Other than this unsightly gap, the pen writes well and is built like a tank. I would appreciate any input from you pen afficianados on this product. This pen can be seen at http://www.surefire.com/maxexp/main/co_disp/displ/prrfnbr/24555/sesent/00/The-SureFire-Penandtrade 
I have no connection with Surefire, and am just interested in others' opinions. Thanks in advance.


----------



## spluurfg (Feb 20, 2008)

I dunno, but if it's anything of similar quality to the three surefire lights I've got, I want one.


----------



## Viper (Oct 5, 2006)

Overpriced for an anodized aluminum ballpoint pen, but it's Surefire so that explains it.


----------



## Peter Atwood (Feb 16, 2006)

A lot of knifemakers and gear companies have tried various pen designs over the past couple of years. With a few notable exceptions all are too big, most are clunky and all have been too heavy for my tastes. I'm strongly considering some smaller and more pocketable designs and eventually hope to have some made.


----------



## mumbleypeg (Apr 26, 2008)

I would like to have a pen that was more writing instrument and less kubaton, that took Fisher cartridges.


----------



## Interpol (Sep 13, 2008)

I bought the SureFire pen a few weeks ago on eBay, been using it ever since it arrived.

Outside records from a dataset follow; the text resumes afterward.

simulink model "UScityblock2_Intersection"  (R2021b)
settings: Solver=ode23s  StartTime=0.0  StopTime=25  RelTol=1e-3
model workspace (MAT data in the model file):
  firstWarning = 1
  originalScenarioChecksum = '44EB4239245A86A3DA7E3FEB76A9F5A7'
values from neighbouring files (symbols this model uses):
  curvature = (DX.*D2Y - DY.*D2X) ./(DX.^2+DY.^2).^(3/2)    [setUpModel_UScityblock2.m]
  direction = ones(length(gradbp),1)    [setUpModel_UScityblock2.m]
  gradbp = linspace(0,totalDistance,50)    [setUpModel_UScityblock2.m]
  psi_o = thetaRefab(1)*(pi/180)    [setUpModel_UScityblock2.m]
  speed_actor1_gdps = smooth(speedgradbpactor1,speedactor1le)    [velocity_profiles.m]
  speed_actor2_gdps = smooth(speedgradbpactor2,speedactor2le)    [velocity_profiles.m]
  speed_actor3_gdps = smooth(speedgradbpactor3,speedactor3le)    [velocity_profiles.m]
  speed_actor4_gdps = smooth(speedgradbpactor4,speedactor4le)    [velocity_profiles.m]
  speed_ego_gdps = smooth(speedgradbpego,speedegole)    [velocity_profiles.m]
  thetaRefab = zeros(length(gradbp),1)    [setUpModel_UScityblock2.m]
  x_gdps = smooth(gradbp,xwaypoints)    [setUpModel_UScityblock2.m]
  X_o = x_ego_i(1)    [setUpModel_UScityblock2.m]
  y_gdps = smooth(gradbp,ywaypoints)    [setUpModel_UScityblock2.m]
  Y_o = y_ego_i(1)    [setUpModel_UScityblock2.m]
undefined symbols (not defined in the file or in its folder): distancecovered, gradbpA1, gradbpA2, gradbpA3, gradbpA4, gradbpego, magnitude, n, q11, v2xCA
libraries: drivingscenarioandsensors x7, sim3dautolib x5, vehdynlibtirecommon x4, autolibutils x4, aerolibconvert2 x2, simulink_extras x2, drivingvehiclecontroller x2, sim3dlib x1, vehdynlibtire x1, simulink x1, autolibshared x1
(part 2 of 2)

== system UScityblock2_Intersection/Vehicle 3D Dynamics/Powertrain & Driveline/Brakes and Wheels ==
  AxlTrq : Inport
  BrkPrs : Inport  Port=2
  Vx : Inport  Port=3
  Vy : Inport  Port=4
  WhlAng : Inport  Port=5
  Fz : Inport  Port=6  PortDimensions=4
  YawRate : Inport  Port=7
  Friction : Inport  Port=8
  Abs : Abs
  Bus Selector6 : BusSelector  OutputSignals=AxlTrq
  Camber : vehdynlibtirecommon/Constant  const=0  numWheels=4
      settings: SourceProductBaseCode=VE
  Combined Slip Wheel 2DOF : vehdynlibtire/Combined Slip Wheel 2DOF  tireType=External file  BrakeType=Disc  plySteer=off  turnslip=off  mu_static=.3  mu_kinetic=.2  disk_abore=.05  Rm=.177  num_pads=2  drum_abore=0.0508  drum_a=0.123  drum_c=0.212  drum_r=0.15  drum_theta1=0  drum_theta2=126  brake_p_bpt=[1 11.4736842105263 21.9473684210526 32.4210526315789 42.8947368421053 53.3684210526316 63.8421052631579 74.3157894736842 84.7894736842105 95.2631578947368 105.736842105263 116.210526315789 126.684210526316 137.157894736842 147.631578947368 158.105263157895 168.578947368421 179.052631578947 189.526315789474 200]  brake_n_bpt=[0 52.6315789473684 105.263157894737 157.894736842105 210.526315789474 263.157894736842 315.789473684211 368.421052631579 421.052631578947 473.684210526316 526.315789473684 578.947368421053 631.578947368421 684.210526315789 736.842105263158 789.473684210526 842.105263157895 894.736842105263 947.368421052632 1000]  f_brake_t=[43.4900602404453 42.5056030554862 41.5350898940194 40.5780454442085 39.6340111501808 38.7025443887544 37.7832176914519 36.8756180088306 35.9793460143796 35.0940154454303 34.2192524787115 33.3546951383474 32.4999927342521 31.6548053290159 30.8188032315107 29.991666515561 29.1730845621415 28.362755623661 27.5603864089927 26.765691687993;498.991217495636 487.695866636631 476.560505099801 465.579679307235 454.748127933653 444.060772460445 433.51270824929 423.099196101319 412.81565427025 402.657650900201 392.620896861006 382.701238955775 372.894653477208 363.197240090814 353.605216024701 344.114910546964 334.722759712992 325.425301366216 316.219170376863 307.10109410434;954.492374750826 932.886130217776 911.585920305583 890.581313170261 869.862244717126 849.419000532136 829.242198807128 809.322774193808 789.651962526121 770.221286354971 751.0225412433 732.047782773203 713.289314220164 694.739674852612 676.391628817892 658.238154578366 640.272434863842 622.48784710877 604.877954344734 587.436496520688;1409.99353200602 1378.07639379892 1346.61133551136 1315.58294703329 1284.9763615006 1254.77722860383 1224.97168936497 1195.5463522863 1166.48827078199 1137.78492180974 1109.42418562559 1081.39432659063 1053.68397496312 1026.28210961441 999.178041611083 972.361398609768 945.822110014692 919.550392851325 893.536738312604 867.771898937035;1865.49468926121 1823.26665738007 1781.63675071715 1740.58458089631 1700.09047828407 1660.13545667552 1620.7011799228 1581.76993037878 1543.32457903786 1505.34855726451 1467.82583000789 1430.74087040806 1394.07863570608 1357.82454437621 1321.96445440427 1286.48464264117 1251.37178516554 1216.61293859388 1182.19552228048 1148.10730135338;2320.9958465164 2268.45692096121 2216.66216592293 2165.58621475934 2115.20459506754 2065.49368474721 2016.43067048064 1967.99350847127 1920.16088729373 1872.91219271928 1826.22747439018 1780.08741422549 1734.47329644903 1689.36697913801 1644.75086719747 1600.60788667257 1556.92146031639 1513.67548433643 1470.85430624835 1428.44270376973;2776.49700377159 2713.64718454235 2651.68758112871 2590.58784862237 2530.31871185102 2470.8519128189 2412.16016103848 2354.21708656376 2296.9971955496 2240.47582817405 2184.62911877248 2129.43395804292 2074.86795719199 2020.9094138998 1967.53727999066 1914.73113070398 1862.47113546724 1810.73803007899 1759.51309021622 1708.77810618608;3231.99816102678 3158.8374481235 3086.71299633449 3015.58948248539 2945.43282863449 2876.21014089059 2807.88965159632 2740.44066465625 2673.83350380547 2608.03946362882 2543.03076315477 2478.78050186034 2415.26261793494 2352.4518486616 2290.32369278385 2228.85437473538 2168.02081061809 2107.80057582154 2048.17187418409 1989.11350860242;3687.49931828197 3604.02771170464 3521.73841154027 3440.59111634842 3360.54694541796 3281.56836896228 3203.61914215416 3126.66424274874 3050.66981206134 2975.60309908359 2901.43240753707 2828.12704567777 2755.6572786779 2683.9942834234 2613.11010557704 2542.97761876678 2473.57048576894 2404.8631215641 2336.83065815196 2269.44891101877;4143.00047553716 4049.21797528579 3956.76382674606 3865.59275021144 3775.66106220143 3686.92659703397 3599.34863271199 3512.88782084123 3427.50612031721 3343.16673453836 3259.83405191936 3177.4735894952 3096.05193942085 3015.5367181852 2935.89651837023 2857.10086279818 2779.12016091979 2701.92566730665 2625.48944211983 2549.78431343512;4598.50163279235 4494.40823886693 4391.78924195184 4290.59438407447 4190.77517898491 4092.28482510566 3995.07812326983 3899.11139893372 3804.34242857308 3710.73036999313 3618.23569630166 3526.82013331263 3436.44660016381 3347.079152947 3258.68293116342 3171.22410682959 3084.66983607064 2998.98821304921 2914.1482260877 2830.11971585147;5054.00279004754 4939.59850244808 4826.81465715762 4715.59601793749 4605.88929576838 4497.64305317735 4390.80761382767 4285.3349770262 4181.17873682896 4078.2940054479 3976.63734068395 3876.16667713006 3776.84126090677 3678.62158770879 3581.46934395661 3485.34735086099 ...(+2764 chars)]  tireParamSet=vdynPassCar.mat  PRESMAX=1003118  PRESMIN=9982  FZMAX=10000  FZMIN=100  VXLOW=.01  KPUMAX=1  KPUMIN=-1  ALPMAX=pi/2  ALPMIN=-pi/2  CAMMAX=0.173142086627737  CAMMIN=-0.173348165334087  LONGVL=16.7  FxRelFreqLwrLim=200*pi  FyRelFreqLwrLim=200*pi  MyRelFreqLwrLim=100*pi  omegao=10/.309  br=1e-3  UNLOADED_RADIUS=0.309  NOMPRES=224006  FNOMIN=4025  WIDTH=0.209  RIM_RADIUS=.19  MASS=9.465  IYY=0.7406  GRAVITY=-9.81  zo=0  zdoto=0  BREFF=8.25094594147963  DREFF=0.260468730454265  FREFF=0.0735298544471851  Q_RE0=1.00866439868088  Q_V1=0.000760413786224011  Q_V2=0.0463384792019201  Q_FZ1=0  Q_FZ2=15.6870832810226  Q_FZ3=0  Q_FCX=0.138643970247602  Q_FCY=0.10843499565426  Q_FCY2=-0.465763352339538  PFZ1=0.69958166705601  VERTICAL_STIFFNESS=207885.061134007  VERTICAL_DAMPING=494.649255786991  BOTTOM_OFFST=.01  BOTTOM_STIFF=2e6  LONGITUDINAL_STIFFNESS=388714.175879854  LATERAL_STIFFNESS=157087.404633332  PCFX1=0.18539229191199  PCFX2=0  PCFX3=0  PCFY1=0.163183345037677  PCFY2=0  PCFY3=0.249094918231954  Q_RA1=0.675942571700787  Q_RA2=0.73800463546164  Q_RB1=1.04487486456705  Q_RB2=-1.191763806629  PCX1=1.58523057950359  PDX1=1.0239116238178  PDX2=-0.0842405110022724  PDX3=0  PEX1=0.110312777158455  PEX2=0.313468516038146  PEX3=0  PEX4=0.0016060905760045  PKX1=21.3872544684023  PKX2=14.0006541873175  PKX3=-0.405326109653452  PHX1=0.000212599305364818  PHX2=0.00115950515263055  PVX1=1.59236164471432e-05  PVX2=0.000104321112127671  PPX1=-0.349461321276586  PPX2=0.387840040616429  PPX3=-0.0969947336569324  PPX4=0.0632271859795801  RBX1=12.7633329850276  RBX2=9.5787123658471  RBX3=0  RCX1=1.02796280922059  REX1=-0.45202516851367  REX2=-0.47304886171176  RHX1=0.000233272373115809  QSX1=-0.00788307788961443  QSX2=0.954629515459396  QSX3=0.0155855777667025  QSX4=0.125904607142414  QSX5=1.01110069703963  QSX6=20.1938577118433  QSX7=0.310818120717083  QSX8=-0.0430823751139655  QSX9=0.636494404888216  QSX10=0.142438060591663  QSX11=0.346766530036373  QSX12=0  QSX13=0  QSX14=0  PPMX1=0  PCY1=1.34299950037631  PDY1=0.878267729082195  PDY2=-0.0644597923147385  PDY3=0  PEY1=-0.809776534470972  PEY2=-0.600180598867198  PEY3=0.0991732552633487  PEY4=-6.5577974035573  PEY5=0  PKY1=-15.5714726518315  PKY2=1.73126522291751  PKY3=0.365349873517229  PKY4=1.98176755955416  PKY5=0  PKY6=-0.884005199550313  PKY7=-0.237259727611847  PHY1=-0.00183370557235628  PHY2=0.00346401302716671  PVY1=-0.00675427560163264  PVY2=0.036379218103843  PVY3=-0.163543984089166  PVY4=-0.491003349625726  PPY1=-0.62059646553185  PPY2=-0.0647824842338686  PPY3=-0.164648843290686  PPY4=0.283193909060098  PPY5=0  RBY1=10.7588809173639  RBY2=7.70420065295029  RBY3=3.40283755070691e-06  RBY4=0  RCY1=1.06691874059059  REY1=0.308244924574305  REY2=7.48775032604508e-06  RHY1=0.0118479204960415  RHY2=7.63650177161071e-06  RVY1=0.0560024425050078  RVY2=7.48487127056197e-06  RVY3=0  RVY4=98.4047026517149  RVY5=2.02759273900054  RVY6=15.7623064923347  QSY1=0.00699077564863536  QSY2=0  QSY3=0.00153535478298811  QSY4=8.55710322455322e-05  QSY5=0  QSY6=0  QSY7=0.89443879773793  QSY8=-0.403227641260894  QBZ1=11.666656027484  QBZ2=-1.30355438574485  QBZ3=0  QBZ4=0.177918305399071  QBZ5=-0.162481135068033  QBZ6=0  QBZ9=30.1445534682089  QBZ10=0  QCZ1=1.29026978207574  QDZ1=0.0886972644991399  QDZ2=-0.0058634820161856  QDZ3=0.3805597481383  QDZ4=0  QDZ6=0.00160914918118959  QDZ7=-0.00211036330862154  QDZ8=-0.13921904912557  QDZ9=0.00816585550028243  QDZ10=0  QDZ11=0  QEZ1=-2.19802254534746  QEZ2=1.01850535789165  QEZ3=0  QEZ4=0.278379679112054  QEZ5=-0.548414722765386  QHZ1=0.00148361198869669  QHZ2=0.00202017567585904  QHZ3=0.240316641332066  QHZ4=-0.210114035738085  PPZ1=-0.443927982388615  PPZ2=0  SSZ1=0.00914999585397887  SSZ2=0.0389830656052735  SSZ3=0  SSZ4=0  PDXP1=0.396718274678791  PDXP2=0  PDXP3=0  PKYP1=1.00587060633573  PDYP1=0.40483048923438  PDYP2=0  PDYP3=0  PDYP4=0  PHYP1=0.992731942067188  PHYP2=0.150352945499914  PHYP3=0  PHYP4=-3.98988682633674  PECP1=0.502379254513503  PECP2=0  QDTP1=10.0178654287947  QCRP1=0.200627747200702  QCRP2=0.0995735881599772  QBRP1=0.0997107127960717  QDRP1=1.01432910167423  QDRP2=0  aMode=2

First of all, it IS built like a tank. You could probably run over this pen with a car without it suffering any damage except for some scratches. The downside of this well-built construction is, it is HEAVY.

The barrel is triangulated for easy holding while writing. The first thing I did was remove the Schott EasyFlow cartridge (it writes really well, but I don't like medium point. I prefer fine point) with a Mont Blanc fine point rollerball cartridge. The Mont Blanc is longer than the Schott, but a few twists of the adjustable screw fixed that. You can also use the screw to "fine tune" the cartridge so you can have more of the tip sticking out of the pen when writing, if that's something you prefer. The pen will take Fisher cartridges without a problem, if that's your thing.

One thing I like about SureFire is that they have a no-questions-asked, lifetime repair/exchange policy. I'm pretty sure this applies to their pens as well.

Overall: if you can tolerate the heft of this pen, it's pretty nice. It'll last you a lifetime.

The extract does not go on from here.